▶ EXERCISE
Write each line below back out exactly, omitting its pictures.

(Saved data entries)

|---|

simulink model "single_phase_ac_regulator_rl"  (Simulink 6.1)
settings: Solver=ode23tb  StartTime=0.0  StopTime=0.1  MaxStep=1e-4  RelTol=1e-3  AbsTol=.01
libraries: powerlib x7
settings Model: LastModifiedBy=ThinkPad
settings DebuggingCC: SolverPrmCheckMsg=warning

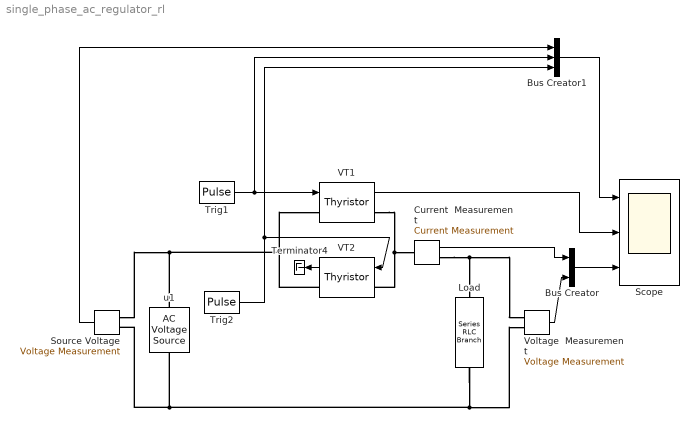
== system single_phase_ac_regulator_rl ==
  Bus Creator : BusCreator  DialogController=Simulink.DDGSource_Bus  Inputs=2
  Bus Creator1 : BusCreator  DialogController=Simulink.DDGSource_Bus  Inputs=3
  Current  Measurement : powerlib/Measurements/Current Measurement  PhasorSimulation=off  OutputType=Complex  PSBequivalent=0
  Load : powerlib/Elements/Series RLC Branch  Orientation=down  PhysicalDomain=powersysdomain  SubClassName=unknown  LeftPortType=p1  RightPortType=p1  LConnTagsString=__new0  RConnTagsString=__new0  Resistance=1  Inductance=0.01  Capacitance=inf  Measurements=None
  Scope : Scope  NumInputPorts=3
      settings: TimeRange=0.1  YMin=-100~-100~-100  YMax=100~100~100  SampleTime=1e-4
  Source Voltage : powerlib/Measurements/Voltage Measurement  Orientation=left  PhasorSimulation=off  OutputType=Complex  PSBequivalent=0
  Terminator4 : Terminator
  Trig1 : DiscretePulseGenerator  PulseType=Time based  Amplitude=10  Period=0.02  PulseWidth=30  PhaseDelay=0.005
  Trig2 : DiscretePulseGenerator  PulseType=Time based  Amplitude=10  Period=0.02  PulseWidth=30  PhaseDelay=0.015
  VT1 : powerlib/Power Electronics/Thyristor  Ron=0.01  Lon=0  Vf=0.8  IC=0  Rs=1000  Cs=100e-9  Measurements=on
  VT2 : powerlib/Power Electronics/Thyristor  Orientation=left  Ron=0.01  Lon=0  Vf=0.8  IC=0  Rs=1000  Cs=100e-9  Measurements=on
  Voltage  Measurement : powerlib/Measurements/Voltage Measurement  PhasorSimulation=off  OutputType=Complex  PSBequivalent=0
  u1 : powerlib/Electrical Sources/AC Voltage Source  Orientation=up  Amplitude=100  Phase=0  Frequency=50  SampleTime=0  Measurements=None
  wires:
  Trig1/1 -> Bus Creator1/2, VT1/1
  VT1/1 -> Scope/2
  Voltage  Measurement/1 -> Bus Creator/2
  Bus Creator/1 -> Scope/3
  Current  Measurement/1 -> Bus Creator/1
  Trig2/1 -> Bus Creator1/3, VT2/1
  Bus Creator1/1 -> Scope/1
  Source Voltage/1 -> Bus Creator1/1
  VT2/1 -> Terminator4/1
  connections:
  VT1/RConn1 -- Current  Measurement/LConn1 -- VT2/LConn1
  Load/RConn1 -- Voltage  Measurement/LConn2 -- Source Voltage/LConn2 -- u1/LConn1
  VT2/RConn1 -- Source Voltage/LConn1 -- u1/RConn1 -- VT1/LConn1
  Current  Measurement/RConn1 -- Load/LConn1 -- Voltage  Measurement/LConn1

|---|

▶ RESULT
simulink model "single_phase_ac_regulator_rl"  (Simulink 6.1)
settings: Solver=ode23tb  StartTime=0.0  StopTime=0.1  MaxStep=1e-4  RelTol=1e-3  AbsTol=.01
libraries: powerlib x7
settings Model: LastModifiedBy=ThinkPad
settings DebuggingCC: SolverPrmCheckMsg=warning

== system single_phase_ac_regulator_rl ==
  Bus Creator : BusCreator  DialogController=Simulink.DDGSource_Bus  Inputs=2
  Bus Creator1 : BusCreator  DialogController=Simulink.DDGSource_Bus  Inputs=3
  Current  Measurement : powerlib/Measurements/Current Measurement  PhasorSimulation=off  OutputType=Complex  PSBequivalent=0
  Load : powerlib/Elements/Series RLC Branch  Orientation=down  PhysicalDomain=powersysdomain  SubClassName=unknown  LeftPortType=p1  RightPortType=p1  LConnTagsString=__new0  RConnTagsString=__new0  Resistance=1  Inductance=0.01  Capacitance=inf  Measurements=None
  Scope : Scope  NumInputPorts=3
      settings: TimeRange=0.1  YMin=-100~-100~-100  YMax=100~100~100  SampleTime=1e-4
  Source Voltage : powerlib/Measurements/Voltage Measurement  Orientation=left  PhasorSimulation=off  OutputType=Complex  PSBequivalent=0
  Terminator4 : Terminator
  Trig1 : DiscretePulseGenerator  PulseType=Time based  Amplitude=10  Period=0.02  PulseWidth=30  PhaseDelay=0.005
  Trig2 : DiscretePulseGenerator  PulseType=Time based  Amplitude=10  Period=0.02  PulseWidth=30  PhaseDelay=0.015
  VT1 : powerlib/Power Electronics/Thyristor  Ron=0.01  Lon=0  Vf=0.8  IC=0  Rs=1000  Cs=100e-9  Measurements=on
  VT2 : powerlib/Power Electronics/Thyristor  Orientation=left  Ron=0.01  Lon=0  Vf=0.8  IC=0  Rs=1000  Cs=100e-9  Measurements=on
  Voltage  Measurement : powerlib/Measurements/Voltage Measurement  PhasorSimulation=off  OutputType=Complex  PSBequivalent=0
  u1 : powerlib/Electrical Sources/AC Voltage Source  Orientation=up  Amplitude=100  Phase=0  Frequency=50  SampleTime=0  Measurements=None
  wires:
  Trig1/1 -> Bus Creator1/2, VT1/1
  VT1/1 -> Scope/2
  Voltage  Measurement/1 -> Bus Creator/2
  Bus Creator/1 -> Scope/3
  Current  Measurement/1 -> Bus Creator/1
  Trig2/1 -> Bus Creator1/3, VT2/1
  Bus Creator1/1 -> Scope/1
  Source Voltage/1 -> Bus Creator1/1
  VT2/1 -> Terminator4/1
  connections:
  VT1/RConn1 -- Current  Measurement/LConn1 -- VT2/LConn1
  Load/RConn1 -- Voltage  Measurement/LConn2 -- Source Voltage/LConn2 -- u1/LConn1
  VT2/RConn1 -- Source Voltage/LConn1 -- u1/RConn1 -- VT1/LConn1
  Current  Measurement/RConn1 -- Load/LConn1 -- Voltage  Measurement/LConn1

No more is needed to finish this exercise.